# How much does a PBP cost?



## Bedste (Aug 29, 2011)

I have a cute little 6-8 week old PBP that I am going to have to sell.  She is adorable and very sweet temperment but I do not think I can afford to keep her.  She is the cute little pig on the picture of the week.  All of our animals have a purpose , milk or eggs or LGD and I do not think I could ever process her.  She is so smart and gentle.  What is a fair price for little PBP?  If I have to part with her, I want to ask what she is worth.  I want her to be happy and live with other pigs.  She is the only pig at the JoyHouse.  It is a home for pregnant girls and we live on a tight budget.


----------



## SuburbanFarmChic (Aug 30, 2011)

If you want to keep her, you can keep a pot belly very comfortably on table scraps from the house.  Especially if you are boarding people there, I imagine you go through a lot of food anyway and all the extra, scraps, veggie peels etc can go to the pig. 

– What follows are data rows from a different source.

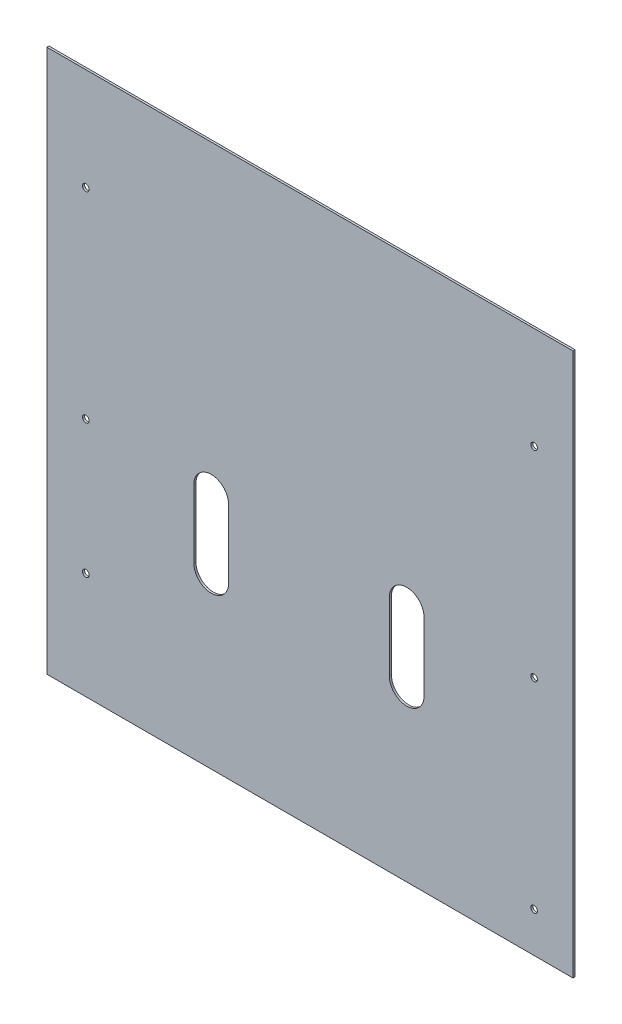
ISO-10303-21;
HEADER;
FILE_DESCRIPTION(('STEP AP214'),'2;1');
FILE_NAME('part.step','',(''),(''),'','','');
FILE_SCHEMA(('AUTOMOTIVE_DESIGN { 1 0 10303 214 1 1 1 1 }'));
ENDSEC;
DATA;
#1=APPLICATION_CONTEXT('core data for automotive mechanical design processes');
#2=APPLICATION_PROTOCOL_DEFINITION('international standard','automotive_design',2000,#1);
#3=PRODUCT_CONTEXT('',#1,'mechanical');
#4=PRODUCT('Part','Part','',(#3));
#5=PRODUCT_RELATED_PRODUCT_CATEGORY('part','',(#4));
#6=PRODUCT_DEFINITION_FORMATION('','',#4);
#7=PRODUCT_DEFINITION_CONTEXT('part definition',#1,'design');
#8=PRODUCT_DEFINITION('design','',#6,#7);
#9=PRODUCT_DEFINITION_SHAPE('','',#8);
#10=(LENGTH_UNIT() NAMED_UNIT(*) SI_UNIT(.MILLI.,.METRE.));
#11=(NAMED_UNIT(*) PLANE_ANGLE_UNIT() SI_UNIT($,.RADIAN.));
#12=(NAMED_UNIT(*) SI_UNIT($,.STERADIAN.) SOLID_ANGLE_UNIT());
#13=UNCERTAINTY_MEASURE_WITH_UNIT(LENGTH_MEASURE(1.E-05),#10,'distance_accuracy_value','');
#14=(GEOMETRIC_REPRESENTATION_CONTEXT(3) GLOBAL_UNCERTAINTY_ASSIGNED_CONTEXT((#13)) GLOBAL_UNIT_ASSIGNED_CONTEXT((#10,
#11,#12)) REPRESENTATION_CONTEXT('',''));
#15=CARTESIAN_POINT('',(0.,0.,0.));
#16=DIRECTION('',(0.,0.,1.));
#17=DIRECTION('',(1.,0.,0.));
#18=AXIS2_PLACEMENT_3D('',#15,#16,#17);
#19=CARTESIAN_POINT('',(0.,0.,0.));
#20=DIRECTION('',(0.,0.,-1.));
#21=DIRECTION('',(-1.,0.,0.));
#22=AXIS2_PLACEMENT_3D('',#19,#20,#21);
#23=PLANE('',#22);
#24=CARTESIAN_POINT('',(-20.9050000000001,-222.,0.));
#25=DIRECTION('',(0.,0.,1.));
#26=DIRECTION('',(1.,0.,0.));
#27=AXIS2_PLACEMENT_3D('',#24,#25,#26);
#28=CIRCLE('',#27,1.25);
#29=CARTESIAN_POINT('',(-19.6550000000001,-222.,0.));
#30=VERTEX_POINT('',#29);
#31=EDGE_CURVE('E256',#30,#30,#28,.T.);
#32=ORIENTED_EDGE('',*,*,#31,.F.);
#33=EDGE_LOOP('',(#32));
#34=FACE_BOUND('',#33,.T.);
#35=CARTESIAN_POINT('',(-20.9050000000003,-147.,0.));
#36=DIRECTION('',(0.,0.,1.));
#37=DIRECTION('',(1.,0.,0.));
#38=AXIS2_PLACEMENT_3D('',#35,#36,#37);
#39=CIRCLE('',#38,1.25);
#40=CARTESIAN_POINT('',(-19.6550000000003,-147.,0.));
#41=VERTEX_POINT('',#40);
#42=EDGE_CURVE('E258',#41,#41,#39,.T.);
#43=ORIENTED_EDGE('',*,*,#42,.F.);
#44=EDGE_LOOP('',(#43));
#45=FACE_BOUND('',#44,.T.);
#46=CARTESIAN_POINT('',(-20.9050000000003,-71.9999999999999,0.));
#47=DIRECTION('',(0.,0.,1.));
#48=DIRECTION('',(1.,0.,0.));
#49=AXIS2_PLACEMENT_3D('',#46,#47,#48);
#50=CIRCLE('',#49,1.25);
#51=CARTESIAN_POINT('',(-19.6550000000003,-71.9999999999999,0.));
#52=VERTEX_POINT('',#51);
#53=EDGE_CURVE('E266',#52,#52,#50,.T.);
#54=ORIENTED_EDGE('',*,*,#53,.F.);
#55=EDGE_LOOP('',(#54));
#56=FACE_BOUND('',#55,.T.);
#57=CARTESIAN_POINT('',(-188.645,-197.,0.));
#58=DIRECTION('',(0.,0.,1.));
#59=DIRECTION('',(1.,0.,0.));
#60=AXIS2_PLACEMENT_3D('',#57,#58,#59);
#61=CIRCLE('',#60,1.25);
#62=CARTESIAN_POINT('',(-187.395,-197.,0.));
#63=VERTEX_POINT('',#62);
#64=EDGE_CURVE('E272',#63,#63,#61,.T.);
#65=ORIENTED_EDGE('',*,*,#64,.F.);
#66=EDGE_LOOP('',(#65));
#67=FACE_BOUND('',#66,.T.);
#68=CARTESIAN_POINT('',(-188.645,-147.,0.));
#69=DIRECTION('',(0.,0.,1.));
#70=DIRECTION('',(1.,0.,0.));
#71=AXIS2_PLACEMENT_3D('',#68,#69,#70);
#72=CIRCLE('',#71,1.25);
#73=CARTESIAN_POINT('',(-187.395,-147.,0.));
#74=VERTEX_POINT('',#73);
#75=EDGE_CURVE('E278',#74,#74,#72,.T.);
#76=ORIENTED_EDGE('',*,*,#75,.F.);
#77=EDGE_LOOP('',(#76));
#78=FACE_BOUND('',#77,.T.);
#79=CARTESIAN_POINT('',(-188.645,-72.,0.));
#80=DIRECTION('',(0.,0.,1.));
#81=DIRECTION('',(1.,0.,0.));
#82=AXIS2_PLACEMENT_3D('',#79,#80,#81);
#83=CIRCLE('',#82,1.25);
#84=CARTESIAN_POINT('',(-187.395,-72.,0.));
#85=VERTEX_POINT('',#84);
#86=EDGE_CURVE('E284',#85,#85,#83,.T.);
#87=ORIENTED_EDGE('',*,*,#86,.F.);
#88=EDGE_LOOP('',(#87));
#89=FACE_BOUND('',#88,.T.);
#90=DIRECTION('',(0.,-1.,0.));
#91=VECTOR('',#90,1.);
#92=CARTESIAN_POINT('',(-62.0692532358968,-173.5,0.));
#93=LINE('',#92,#91);
#94=CARTESIAN_POINT('',(-62.0692532358968,-148.,0.));
#95=VERTEX_POINT('',#94);
#96=CARTESIAN_POINT('',(-62.0692532358968,-173.5,0.));
#97=VERTEX_POINT('',#96);
#98=EDGE_CURVE('E329',#95,#97,#93,.T.);
#99=ORIENTED_EDGE('',*,*,#98,.T.);
#100=CARTESIAN_POINT('',(-68.5692532358968,-173.5,0.));
#101=DIRECTION('',(0.,0.,-1.));
#102=DIRECTION('',(0.,1.,0.));
#103=AXIS2_PLACEMENT_3D('',#100,#101,#102);
#104=CIRCLE('',#103,6.5);
#105=CARTESIAN_POINT('',(-75.0692532358968,-173.5,0.));
#106=VERTEX_POINT('',#105);
#107=EDGE_CURVE('E319',#97,#106,#104,.T.);
#108=ORIENTED_EDGE('',*,*,#107,.T.);
#109=DIRECTION('',(0.,1.,0.));
#110=VECTOR('',#109,1.);
#111=CARTESIAN_POINT('',(-75.0692532358968,-173.5,0.));
#112=LINE('',#111,#110);
#113=CARTESIAN_POINT('',(-75.0692532358968,-148.,0.));
#114=VERTEX_POINT('',#113);
#115=EDGE_CURVE('E322',#106,#114,#112,.T.);
#116=ORIENTED_EDGE('',*,*,#115,.T.);
#117=CARTESIAN_POINT('',(-68.5692532358968,-148.,0.));
#118=DIRECTION('',(0.,0.,-1.));
#119=DIRECTION('',(0.,1.,0.));
#120=AXIS2_PLACEMENT_3D('',#117,#118,#119);
#121=CIRCLE('',#120,6.5);
#122=EDGE_CURVE('E326',#114,#95,#121,.T.);
#123=ORIENTED_EDGE('',*,*,#122,.T.);
#124=EDGE_LOOP('',(#99,#108,#116,#123));
#125=FACE_BOUND('',#124,.T.);
#126=DIRECTION('',(0.,-1.,0.));
#127=VECTOR('',#126,1.);
#128=CARTESIAN_POINT('',(-135.221253235897,-173.5,0.));
#129=LINE('',#128,#127);
#130=CARTESIAN_POINT('',(-135.221253235897,-148.,0.));
#131=VERTEX_POINT('',#130);
#132=CARTESIAN_POINT('',(-135.221253235897,-173.5,0.));
#133=VERTEX_POINT('',#132);
#134=EDGE_CURVE('E299',#131,#133,#129,.T.);
#135=ORIENTED_EDGE('',*,*,#134,.T.);
#136=CARTESIAN_POINT('',(-141.721253235897,-173.5,0.));
#137=DIRECTION('',(0.,0.,-1.));
#138=DIRECTION('',(0.,1.,0.));
#139=AXIS2_PLACEMENT_3D('',#136,#137,#138);
#140=CIRCLE('',#139,6.49999999999995);
#141=CARTESIAN_POINT('',(-148.221253235897,-173.5,0.));
#142=VERTEX_POINT('',#141);
#143=EDGE_CURVE('E289',#133,#142,#140,.T.);
#144=ORIENTED_EDGE('',*,*,#143,.T.);
#145=DIRECTION('',(0.,1.,0.));
#146=VECTOR('',#145,1.);
#147=CARTESIAN_POINT('',(-148.221253235897,-173.5,0.));
#148=LINE('',#147,#146);
#149=CARTESIAN_POINT('',(-148.221253235897,-148.,0.));
#150=VERTEX_POINT('',#149);
#151=EDGE_CURVE('E292',#142,#150,#148,.T.);
#152=ORIENTED_EDGE('',*,*,#151,.T.);
#153=CARTESIAN_POINT('',(-141.721253235897,-148.,0.));
#154=DIRECTION('',(0.,0.,-1.));
#155=DIRECTION('',(0.,1.,0.));
#156=AXIS2_PLACEMENT_3D('',#153,#154,#155);
#157=CIRCLE('',#156,6.49999999999995);
#158=EDGE_CURVE('E296',#150,#131,#157,.T.);
#159=ORIENTED_EDGE('',*,*,#158,.T.);
#160=EDGE_LOOP('',(#135,#144,#152,#159));
#161=FACE_BOUND('',#160,.T.);
#162=DIRECTION('',(-1.,0.,0.));
#163=VECTOR('',#162,1.);
#164=CARTESIAN_POINT('',(-203.2,-237.,0.));
#165=LINE('',#164,#163);
#166=CARTESIAN_POINT('',(-6.35000000000001,-237.,0.));
#167=VERTEX_POINT('',#166);
#168=CARTESIAN_POINT('',(-203.2,-237.,0.));
#169=VERTEX_POINT('',#168);
#170=EDGE_CURVE('E160',#167,#169,#165,.T.);
#171=ORIENTED_EDGE('',*,*,#170,.F.);
#172=DIRECTION('',(0.,-1.,0.));
#173=VECTOR('',#172,1.);
#174=CARTESIAN_POINT('',(-6.35000000000001,-237.,0.));
#175=LINE('',#174,#173);
#176=CARTESIAN_POINT('',(-6.35000000000006,-33.7999999999999,0.));
#177=VERTEX_POINT('',#176);
#178=EDGE_CURVE('E140',#177,#167,#175,.T.);
#179=ORIENTED_EDGE('',*,*,#178,.F.);
#180=DIRECTION('',(-1.,0.,0.));
#181=VECTOR('',#180,1.);
#182=CARTESIAN_POINT('',(-6.35000000000006,-33.7999999999999,0.));
#183=LINE('',#182,#181);
#184=CARTESIAN_POINT('',(-203.2,-33.8,0.));
#185=VERTEX_POINT('',#184);
#186=EDGE_CURVE('E144',#177,#185,#183,.T.);
#187=ORIENTED_EDGE('',*,*,#186,.T.);
#188=DIRECTION('',(0.,1.,0.));
#189=VECTOR('',#188,1.);
#190=CARTESIAN_POINT('',(-203.2,-237.,0.));
#191=LINE('',#190,#189);
#192=EDGE_CURVE('E133',#169,#185,#191,.T.);
#193=ORIENTED_EDGE('',*,*,#192,.F.);
#194=EDGE_LOOP('',(#171,#179,#187,#193));
#195=FACE_BOUND('',#194,.T.);
#196=ADVANCED_FACE('F43',(#34,#45,#56,#67,#78,#89,#125,#161,#195),#23,.F.);
#197=CARTESIAN_POINT('',(-203.2,-237.,-0.7747));
#198=DIRECTION('',(1.,0.,0.));
#199=DIRECTION('',(0.,1.,0.));
#200=AXIS2_PLACEMENT_3D('',#197,#198,#199);
#201=PLANE('',#200);
#202=ORIENTED_EDGE('',*,*,#192,.T.);
#203=DIRECTION('',(0.,0.,1.));
#204=VECTOR('',#203,1.);
#205=CARTESIAN_POINT('',(-203.2,-33.7999999999999,-0.7747));
#206=LINE('',#205,#204);
#207=CARTESIAN_POINT('',(-203.2,-33.7999999999999,-0.7747));
#208=VERTEX_POINT('',#207);
#209=EDGE_CURVE('E11',#208,#185,#206,.T.);
#210=ORIENTED_EDGE('',*,*,#209,.F.);
#211=DIRECTION('',(0.,1.,0.));
#212=VECTOR('',#211,1.);
#213=CARTESIAN_POINT('',(-203.2,-237.,-0.7747));
#214=LINE('',#213,#212);
#215=CARTESIAN_POINT('',(-203.2,-237.,-0.7747));
#216=VERTEX_POINT('',#215);
#217=EDGE_CURVE('E156',#216,#208,#214,.T.);
#218=ORIENTED_EDGE('',*,*,#217,.F.);
#219=DIRECTION('',(0.,0.,1.));
#220=VECTOR('',#219,1.);
#221=CARTESIAN_POINT('',(-203.2,-237.,-0.7747));
#222=LINE('',#221,#220);
#223=EDGE_CURVE('E137',#216,#169,#222,.T.);
#224=ORIENTED_EDGE('',*,*,#223,.T.);
#225=EDGE_LOOP('',(#202,#210,#218,#224));
#226=FACE_BOUND('',#225,.T.);
#227=ADVANCED_FACE('F45',(#226),#201,.F.);
#228=CARTESIAN_POINT('',(-203.2,-33.7999999999999,-0.7747));
#229=DIRECTION('',(0.,-1.,0.));
#230=DIRECTION('',(1.,0.,0.));
#231=AXIS2_PLACEMENT_3D('',#228,#229,#230);
#232=PLANE('',#231);
#233=ORIENTED_EDGE('',*,*,#209,.T.);
#234=ORIENTED_EDGE('',*,*,#186,.F.);
#235=DIRECTION('',(0.,0.,1.));
#236=VECTOR('',#235,1.);
#237=CARTESIAN_POINT('',(-6.35000000000006,-33.8,-0.7747));
#238=LINE('',#237,#236);
#239=CARTESIAN_POINT('',(-6.35000000000006,-33.8,-0.7747));
#240=VERTEX_POINT('',#239);
#241=EDGE_CURVE('E51',#240,#177,#238,.T.);
#242=ORIENTED_EDGE('',*,*,#241,.F.);
#243=DIRECTION('',(1.,0.,0.));
#244=VECTOR('',#243,1.);
#245=CARTESIAN_POINT('',(-203.2,-33.7999999999999,-0.7747));
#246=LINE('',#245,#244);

Other wise I see them on craigslist for free to $300.  There are so many pots in the world I went the cheap or free route with the ones that were dropped off here. As clearly in our area you can't even give them away and need to dump them at somebody's farm  L.


----------



## Bedste (Aug 31, 2011)

How old do you have to be to start them on TABLE SCRAPS?  That is a GREAT tip....  She is apprx 7 weeks old and just started eating pig pellets


----------



## SuburbanFarmChic (Aug 31, 2011)

3 weeks ago L.. 


  As soon as they are on pelleted feed you can start them on table scraps.  I would continue to give her pelleted feed as a supplement through about 3-4 months old to help with bone development.  Lots of yogurt, milk, etc is also good.  

We pulled our batch of babies at 4 weeks old to wean them and they have been on a mix of table scraps and pelleted feed since then.


----------



## Bedste (Aug 31, 2011)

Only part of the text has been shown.